Content starts

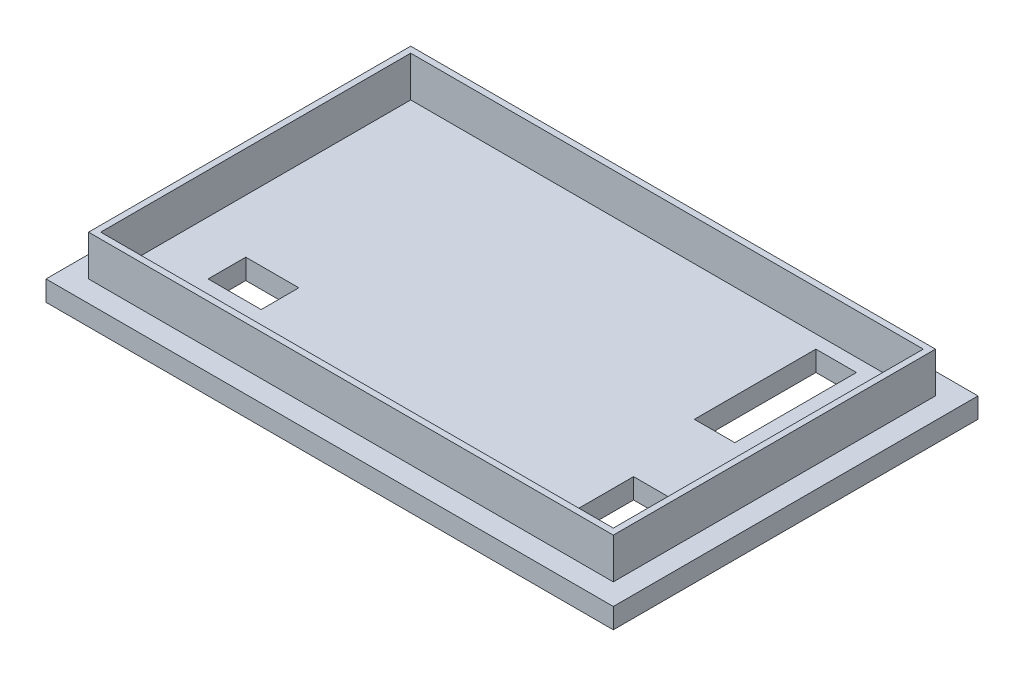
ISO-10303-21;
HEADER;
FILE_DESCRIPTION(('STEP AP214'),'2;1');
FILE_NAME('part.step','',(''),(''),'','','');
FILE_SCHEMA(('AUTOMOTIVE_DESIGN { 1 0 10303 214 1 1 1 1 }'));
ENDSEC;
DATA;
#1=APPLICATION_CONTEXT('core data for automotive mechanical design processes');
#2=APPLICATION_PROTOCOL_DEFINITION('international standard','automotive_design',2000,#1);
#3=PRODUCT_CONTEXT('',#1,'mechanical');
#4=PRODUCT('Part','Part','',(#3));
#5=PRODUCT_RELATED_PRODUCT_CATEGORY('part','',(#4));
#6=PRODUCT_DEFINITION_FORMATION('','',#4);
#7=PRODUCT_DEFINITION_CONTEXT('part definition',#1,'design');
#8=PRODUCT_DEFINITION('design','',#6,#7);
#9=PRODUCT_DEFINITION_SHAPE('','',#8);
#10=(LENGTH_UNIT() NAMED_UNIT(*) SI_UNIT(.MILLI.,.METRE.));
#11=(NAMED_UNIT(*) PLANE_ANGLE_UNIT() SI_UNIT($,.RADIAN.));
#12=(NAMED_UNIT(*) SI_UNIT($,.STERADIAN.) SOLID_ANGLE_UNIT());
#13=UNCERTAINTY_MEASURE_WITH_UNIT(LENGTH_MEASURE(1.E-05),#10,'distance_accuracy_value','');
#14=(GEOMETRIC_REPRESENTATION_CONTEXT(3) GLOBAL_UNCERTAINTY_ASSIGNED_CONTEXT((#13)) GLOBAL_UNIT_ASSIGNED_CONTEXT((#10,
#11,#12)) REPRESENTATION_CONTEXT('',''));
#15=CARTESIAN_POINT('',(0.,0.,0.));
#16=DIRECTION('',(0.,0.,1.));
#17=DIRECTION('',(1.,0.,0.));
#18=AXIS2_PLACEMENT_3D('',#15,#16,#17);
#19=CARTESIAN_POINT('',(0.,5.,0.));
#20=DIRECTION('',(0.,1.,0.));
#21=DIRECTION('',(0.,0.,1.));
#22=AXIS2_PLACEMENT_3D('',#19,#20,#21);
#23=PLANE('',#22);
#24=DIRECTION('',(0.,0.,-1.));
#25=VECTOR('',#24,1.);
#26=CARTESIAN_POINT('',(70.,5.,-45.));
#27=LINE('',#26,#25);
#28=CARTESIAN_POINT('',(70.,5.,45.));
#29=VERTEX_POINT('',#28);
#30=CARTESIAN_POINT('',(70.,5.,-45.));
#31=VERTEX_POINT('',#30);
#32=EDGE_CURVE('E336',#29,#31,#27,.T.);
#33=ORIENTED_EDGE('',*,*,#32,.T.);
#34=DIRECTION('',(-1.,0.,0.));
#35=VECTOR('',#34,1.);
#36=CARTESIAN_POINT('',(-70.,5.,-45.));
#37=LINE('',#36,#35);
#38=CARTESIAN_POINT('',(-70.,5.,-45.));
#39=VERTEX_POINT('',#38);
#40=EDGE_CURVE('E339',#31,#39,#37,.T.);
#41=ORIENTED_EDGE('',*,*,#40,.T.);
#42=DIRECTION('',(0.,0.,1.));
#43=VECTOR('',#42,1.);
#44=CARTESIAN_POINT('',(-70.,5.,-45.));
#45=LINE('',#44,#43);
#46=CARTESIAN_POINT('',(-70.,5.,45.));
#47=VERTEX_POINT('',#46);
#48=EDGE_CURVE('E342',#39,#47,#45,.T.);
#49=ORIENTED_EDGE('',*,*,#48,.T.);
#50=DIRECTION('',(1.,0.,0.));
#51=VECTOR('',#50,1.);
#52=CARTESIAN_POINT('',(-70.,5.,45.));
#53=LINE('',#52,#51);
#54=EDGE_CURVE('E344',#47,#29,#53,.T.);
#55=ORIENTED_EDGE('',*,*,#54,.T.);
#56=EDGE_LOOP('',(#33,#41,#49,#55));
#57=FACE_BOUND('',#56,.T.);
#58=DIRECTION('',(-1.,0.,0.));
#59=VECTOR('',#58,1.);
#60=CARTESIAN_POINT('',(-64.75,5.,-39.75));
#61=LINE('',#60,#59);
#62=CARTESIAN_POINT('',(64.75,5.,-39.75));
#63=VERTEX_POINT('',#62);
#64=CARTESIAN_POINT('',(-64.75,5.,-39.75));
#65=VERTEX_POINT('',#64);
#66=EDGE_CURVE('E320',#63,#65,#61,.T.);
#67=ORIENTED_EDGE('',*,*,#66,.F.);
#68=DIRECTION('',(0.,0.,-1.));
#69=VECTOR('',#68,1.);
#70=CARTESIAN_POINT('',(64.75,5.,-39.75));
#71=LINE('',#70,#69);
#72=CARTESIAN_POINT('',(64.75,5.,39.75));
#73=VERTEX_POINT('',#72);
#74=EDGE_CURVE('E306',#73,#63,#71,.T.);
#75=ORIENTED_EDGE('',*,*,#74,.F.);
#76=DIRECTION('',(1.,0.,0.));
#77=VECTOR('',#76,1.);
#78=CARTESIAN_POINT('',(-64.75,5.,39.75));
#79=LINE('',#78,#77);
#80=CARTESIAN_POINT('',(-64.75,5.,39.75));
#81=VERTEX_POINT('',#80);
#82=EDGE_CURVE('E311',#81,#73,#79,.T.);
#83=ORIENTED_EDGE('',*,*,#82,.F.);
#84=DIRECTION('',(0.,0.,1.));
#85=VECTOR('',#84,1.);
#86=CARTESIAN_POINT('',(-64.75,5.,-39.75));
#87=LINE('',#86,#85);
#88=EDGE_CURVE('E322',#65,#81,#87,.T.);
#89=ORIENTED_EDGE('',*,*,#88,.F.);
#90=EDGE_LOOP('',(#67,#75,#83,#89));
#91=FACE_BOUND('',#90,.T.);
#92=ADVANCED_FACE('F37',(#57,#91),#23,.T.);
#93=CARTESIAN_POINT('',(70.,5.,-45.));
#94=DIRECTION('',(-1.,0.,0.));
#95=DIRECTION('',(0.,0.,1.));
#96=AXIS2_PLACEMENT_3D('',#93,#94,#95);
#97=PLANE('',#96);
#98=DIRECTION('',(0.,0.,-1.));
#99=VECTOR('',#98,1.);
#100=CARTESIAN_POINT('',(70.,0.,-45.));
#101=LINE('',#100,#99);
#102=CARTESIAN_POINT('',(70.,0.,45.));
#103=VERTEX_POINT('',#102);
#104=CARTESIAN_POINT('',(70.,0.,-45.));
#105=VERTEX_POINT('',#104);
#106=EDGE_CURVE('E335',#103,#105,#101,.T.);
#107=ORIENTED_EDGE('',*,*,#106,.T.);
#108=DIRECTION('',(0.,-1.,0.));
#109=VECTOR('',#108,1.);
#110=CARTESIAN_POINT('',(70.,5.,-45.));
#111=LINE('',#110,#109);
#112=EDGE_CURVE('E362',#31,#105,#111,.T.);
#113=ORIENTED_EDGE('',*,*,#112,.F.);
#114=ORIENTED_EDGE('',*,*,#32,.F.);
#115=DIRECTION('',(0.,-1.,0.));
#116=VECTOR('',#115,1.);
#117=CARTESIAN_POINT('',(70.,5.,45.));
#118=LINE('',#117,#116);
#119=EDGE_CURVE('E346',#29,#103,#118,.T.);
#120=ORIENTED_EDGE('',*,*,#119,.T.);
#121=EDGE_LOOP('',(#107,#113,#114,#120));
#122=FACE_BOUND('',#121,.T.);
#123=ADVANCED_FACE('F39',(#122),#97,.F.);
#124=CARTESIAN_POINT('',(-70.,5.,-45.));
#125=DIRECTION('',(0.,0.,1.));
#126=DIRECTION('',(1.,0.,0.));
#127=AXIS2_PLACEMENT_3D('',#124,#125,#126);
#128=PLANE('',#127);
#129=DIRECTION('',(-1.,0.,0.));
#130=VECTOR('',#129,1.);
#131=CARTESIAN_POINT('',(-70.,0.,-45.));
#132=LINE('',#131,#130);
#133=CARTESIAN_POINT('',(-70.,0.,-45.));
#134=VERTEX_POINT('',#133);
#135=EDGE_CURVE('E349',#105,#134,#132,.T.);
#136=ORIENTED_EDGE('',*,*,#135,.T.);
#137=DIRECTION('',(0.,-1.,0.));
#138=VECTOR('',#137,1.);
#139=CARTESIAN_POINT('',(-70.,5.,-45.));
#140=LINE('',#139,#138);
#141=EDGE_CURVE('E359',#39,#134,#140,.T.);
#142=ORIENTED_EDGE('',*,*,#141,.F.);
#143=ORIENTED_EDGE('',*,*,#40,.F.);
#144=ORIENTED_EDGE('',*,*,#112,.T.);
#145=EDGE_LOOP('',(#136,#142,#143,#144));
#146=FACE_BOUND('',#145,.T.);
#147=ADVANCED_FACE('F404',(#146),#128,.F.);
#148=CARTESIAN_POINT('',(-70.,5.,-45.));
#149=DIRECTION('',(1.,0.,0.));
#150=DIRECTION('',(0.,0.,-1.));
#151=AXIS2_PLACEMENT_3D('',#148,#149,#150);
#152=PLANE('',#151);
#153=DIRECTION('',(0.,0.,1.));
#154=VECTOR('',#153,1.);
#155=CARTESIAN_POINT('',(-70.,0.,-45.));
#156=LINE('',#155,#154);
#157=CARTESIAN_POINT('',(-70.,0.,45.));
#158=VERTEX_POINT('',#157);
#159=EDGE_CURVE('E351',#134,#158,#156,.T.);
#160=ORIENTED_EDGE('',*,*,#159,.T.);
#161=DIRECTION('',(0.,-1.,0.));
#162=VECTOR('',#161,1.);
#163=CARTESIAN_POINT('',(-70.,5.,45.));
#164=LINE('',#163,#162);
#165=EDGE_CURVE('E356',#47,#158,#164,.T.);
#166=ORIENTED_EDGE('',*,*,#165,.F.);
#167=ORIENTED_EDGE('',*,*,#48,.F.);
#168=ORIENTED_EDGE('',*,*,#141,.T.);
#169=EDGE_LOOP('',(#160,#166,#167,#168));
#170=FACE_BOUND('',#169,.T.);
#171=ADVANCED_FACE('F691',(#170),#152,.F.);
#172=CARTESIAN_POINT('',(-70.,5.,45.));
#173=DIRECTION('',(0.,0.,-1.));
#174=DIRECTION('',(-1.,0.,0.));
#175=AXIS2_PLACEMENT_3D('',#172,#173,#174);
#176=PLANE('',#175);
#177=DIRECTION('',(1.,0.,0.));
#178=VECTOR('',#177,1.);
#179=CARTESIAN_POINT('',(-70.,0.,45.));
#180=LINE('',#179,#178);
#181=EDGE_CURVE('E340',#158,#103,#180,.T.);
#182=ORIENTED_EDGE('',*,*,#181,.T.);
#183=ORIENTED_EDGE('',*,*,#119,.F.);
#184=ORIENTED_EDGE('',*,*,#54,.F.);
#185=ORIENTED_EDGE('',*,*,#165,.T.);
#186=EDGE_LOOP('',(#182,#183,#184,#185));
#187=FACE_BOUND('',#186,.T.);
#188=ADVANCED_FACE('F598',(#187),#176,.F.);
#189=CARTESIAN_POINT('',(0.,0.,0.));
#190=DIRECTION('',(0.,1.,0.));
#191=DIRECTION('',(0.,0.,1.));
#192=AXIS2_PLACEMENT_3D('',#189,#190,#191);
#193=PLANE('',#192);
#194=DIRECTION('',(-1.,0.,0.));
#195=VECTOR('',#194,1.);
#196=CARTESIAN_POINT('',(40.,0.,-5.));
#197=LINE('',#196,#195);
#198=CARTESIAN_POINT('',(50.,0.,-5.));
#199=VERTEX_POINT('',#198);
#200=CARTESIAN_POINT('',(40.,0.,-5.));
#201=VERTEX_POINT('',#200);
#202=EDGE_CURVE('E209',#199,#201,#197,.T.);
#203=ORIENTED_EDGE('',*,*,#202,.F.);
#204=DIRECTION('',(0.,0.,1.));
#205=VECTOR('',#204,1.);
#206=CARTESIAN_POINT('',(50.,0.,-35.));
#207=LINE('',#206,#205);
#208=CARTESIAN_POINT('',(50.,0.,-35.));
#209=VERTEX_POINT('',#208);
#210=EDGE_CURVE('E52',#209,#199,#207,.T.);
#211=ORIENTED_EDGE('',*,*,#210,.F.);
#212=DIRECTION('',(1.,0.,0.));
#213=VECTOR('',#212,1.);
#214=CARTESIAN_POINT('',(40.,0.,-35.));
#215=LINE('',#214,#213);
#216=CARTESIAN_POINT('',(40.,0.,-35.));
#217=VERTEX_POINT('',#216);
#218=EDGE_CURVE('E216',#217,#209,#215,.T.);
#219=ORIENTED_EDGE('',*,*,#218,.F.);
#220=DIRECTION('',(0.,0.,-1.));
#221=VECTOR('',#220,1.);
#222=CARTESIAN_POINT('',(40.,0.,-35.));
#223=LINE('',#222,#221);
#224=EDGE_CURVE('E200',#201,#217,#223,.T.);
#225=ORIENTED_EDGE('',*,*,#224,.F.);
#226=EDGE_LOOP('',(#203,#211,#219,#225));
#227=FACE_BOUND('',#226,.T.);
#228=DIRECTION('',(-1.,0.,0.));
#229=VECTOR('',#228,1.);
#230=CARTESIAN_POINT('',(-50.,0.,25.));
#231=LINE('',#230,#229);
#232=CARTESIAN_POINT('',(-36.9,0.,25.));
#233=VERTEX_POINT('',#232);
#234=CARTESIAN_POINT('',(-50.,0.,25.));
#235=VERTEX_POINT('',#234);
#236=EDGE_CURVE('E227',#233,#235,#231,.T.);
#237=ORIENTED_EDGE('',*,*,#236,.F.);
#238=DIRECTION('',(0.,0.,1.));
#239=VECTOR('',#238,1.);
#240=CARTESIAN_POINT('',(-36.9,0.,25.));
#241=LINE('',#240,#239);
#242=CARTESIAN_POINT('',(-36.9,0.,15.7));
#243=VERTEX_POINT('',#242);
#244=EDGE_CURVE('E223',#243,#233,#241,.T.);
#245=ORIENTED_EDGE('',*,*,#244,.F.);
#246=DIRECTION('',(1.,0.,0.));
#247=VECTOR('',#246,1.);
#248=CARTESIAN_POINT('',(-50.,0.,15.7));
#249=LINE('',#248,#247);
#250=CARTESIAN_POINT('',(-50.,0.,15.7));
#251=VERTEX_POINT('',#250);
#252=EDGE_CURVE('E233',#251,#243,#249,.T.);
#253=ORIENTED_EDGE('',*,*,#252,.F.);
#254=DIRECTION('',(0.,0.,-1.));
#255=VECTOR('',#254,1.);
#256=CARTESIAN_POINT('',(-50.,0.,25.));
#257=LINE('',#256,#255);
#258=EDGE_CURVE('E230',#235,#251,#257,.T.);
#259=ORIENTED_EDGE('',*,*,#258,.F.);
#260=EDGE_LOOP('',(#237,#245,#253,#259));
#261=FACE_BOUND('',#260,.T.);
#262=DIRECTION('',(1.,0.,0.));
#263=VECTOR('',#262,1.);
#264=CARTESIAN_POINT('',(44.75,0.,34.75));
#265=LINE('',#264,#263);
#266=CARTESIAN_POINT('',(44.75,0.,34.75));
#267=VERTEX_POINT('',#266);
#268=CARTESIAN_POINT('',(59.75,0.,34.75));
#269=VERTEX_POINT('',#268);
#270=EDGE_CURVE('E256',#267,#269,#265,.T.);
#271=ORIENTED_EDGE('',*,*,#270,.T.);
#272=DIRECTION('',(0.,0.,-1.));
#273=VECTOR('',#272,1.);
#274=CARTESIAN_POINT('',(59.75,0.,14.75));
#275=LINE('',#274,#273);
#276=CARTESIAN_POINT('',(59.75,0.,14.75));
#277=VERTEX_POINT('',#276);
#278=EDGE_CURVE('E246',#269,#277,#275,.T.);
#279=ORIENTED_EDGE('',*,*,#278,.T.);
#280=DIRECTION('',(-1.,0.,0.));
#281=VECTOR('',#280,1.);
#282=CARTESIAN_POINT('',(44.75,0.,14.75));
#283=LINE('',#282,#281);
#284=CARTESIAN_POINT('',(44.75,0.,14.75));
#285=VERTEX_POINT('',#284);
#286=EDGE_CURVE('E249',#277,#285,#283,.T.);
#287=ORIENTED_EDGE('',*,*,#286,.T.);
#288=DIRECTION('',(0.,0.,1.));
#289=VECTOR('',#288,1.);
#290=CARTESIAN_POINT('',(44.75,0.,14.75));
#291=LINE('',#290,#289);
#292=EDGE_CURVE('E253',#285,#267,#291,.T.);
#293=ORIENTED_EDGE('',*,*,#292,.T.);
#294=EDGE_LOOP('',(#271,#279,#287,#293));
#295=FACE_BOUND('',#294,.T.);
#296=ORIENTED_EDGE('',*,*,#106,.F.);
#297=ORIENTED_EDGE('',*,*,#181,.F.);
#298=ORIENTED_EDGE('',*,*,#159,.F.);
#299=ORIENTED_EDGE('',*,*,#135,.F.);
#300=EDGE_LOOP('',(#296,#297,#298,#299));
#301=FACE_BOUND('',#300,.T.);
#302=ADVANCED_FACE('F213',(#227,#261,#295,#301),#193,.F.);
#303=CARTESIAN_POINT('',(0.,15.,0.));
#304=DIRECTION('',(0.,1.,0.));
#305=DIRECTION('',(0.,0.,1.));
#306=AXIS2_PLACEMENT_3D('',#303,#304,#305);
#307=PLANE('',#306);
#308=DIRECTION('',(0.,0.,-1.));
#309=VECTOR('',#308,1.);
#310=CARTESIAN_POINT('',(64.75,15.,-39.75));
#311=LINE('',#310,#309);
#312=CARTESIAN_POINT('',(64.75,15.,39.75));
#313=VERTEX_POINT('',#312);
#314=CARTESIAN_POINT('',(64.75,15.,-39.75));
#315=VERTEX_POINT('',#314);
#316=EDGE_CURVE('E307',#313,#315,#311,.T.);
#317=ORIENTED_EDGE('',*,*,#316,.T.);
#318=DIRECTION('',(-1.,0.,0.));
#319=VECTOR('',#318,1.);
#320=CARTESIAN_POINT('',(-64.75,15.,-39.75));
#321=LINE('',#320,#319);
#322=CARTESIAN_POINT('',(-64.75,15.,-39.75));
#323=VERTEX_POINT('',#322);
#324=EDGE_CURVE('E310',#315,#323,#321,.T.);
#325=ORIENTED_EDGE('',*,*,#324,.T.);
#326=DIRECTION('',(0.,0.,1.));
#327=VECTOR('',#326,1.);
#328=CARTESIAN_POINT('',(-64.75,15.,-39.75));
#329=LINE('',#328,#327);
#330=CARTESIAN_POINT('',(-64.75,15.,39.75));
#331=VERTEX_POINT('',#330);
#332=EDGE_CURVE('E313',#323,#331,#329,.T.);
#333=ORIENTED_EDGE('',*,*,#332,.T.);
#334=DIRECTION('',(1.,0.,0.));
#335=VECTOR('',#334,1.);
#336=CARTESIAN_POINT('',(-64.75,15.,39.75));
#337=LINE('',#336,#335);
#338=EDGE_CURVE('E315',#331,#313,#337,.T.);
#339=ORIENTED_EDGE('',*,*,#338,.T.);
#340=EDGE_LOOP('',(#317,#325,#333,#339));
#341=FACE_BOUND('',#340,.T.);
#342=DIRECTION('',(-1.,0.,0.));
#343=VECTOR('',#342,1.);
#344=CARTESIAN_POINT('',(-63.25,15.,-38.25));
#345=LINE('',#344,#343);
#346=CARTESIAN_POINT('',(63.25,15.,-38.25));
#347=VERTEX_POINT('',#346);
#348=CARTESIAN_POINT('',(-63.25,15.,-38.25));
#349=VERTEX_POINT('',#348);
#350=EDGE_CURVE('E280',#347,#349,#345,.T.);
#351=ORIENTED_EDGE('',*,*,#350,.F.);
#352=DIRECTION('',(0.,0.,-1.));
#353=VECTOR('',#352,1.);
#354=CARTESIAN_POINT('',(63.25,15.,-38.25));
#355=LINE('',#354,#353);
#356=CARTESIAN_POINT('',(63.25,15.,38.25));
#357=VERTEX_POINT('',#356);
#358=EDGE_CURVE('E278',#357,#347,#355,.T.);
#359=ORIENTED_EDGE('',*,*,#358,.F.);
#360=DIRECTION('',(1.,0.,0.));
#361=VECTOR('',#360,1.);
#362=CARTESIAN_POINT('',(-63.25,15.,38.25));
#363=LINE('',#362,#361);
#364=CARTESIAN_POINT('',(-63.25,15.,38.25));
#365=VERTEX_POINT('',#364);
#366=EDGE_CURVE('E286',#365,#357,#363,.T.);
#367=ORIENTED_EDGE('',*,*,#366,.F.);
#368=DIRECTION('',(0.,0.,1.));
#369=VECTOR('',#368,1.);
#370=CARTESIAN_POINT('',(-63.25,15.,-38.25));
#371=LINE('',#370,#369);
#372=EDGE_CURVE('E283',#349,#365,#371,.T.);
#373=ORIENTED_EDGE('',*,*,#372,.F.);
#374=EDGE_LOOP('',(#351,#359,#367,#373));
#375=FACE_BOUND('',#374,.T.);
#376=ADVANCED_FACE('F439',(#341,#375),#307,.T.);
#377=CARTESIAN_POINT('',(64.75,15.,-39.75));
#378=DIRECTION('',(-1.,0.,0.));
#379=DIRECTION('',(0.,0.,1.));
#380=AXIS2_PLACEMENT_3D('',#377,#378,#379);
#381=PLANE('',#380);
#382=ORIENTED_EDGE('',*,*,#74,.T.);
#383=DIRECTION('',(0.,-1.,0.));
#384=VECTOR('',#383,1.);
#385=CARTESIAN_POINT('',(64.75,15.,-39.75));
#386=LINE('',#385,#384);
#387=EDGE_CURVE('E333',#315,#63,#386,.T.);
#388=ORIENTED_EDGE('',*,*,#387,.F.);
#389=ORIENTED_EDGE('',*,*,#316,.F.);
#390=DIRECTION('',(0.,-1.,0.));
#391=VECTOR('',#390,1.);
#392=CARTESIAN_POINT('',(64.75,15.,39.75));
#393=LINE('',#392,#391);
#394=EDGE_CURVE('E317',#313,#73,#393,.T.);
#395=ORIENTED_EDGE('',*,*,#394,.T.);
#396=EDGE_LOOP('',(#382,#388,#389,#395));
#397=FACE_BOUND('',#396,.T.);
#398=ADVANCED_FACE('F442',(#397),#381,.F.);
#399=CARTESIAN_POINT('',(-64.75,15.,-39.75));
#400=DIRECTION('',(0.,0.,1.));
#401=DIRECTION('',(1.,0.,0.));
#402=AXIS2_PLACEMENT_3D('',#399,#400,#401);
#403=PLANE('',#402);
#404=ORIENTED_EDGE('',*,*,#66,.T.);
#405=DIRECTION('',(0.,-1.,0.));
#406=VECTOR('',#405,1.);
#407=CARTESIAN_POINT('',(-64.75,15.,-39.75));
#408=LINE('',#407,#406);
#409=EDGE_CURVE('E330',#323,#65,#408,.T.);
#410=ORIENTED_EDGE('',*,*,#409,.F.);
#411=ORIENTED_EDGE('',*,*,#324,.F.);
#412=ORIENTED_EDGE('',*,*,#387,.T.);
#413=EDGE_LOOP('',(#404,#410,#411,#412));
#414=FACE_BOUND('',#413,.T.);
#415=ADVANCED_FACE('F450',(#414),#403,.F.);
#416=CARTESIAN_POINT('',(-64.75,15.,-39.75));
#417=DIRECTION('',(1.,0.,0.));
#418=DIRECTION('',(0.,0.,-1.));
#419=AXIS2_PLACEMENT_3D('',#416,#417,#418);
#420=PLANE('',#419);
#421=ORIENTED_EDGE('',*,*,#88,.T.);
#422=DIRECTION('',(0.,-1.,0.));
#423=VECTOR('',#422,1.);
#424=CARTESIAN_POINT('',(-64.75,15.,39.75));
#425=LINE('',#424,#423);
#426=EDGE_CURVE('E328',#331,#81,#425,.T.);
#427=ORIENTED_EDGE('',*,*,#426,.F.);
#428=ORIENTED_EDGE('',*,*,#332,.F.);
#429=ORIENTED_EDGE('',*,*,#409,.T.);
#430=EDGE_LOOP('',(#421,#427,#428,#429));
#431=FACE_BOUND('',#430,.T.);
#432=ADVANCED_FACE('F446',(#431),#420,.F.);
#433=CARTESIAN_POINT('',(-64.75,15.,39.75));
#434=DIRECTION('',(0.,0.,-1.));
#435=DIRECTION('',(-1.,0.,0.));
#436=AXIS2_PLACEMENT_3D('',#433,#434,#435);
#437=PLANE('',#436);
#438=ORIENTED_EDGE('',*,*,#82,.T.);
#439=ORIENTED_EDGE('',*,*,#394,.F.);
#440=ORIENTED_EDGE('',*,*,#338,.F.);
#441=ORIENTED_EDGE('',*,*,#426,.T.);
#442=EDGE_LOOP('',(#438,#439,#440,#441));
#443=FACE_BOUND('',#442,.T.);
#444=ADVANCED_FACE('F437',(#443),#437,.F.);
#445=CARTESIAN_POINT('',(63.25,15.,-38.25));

Content ends

■ **ASSIGNMENT**:
Starting at the line above that holds "#345=LINE('',#344,#343);" and ending at the line that holds "#376=ADVANCED_FACE('F439',(#341,#375),#307,.T.);", transcribe each line exactly and include no other lines.

■ **TASK SOLUTION**:
#345=LINE('',#344,#343);
#346=CARTESIAN_POINT('',(63.25,15.,-38.25));
#347=VERTEX_POINT('',#346);
#348=CARTESIAN_POINT('',(-63.25,15.,-38.25));
#349=VERTEX_POINT('',#348);
#350=EDGE_CURVE('E280',#347,#349,#345,.T.);
#351=ORIENTED_EDGE('',*,*,#350,.F.);
#352=DIRECTION('',(0.,0.,-1.));
#353=VECTOR('',#352,1.);
#354=CARTESIAN_POINT('',(63.25,15.,-38.25));
#355=LINE('',#354,#353);
#356=CARTESIAN_POINT('',(63.25,15.,38.25));
#357=VERTEX_POINT('',#356);
#358=EDGE_CURVE('E278',#357,#347,#355,.T.);
#359=ORIENTED_EDGE('',*,*,#358,.F.);
#360=DIRECTION('',(1.,0.,0.));
#361=VECTOR('',#360,1.);
#362=CARTESIAN_POINT('',(-63.25,15.,38.25));
#363=LINE('',#362,#361);
#364=CARTESIAN_POINT('',(-63.25,15.,38.25));
#365=VERTEX_POINT('',#364);
#366=EDGE_CURVE('E286',#365,#357,#363,.T.);
#367=ORIENTED_EDGE('',*,*,#366,.F.);
#368=DIRECTION('',(0.,0.,1.));
#369=VECTOR('',#368,1.);
#370=CARTESIAN_POINT('',(-63.25,15.,-38.25));
#371=LINE('',#370,#369);
#372=EDGE_CURVE('E283',#349,#365,#371,.T.);
#373=ORIENTED_EDGE('',*,*,#372,.F.);
#374=EDGE_LOOP('',(#351,#359,#367,#373));
#375=FACE_BOUND('',#374,.T.);
#376=ADVANCED_FACE('F439',(#341,#375),#307,.T.);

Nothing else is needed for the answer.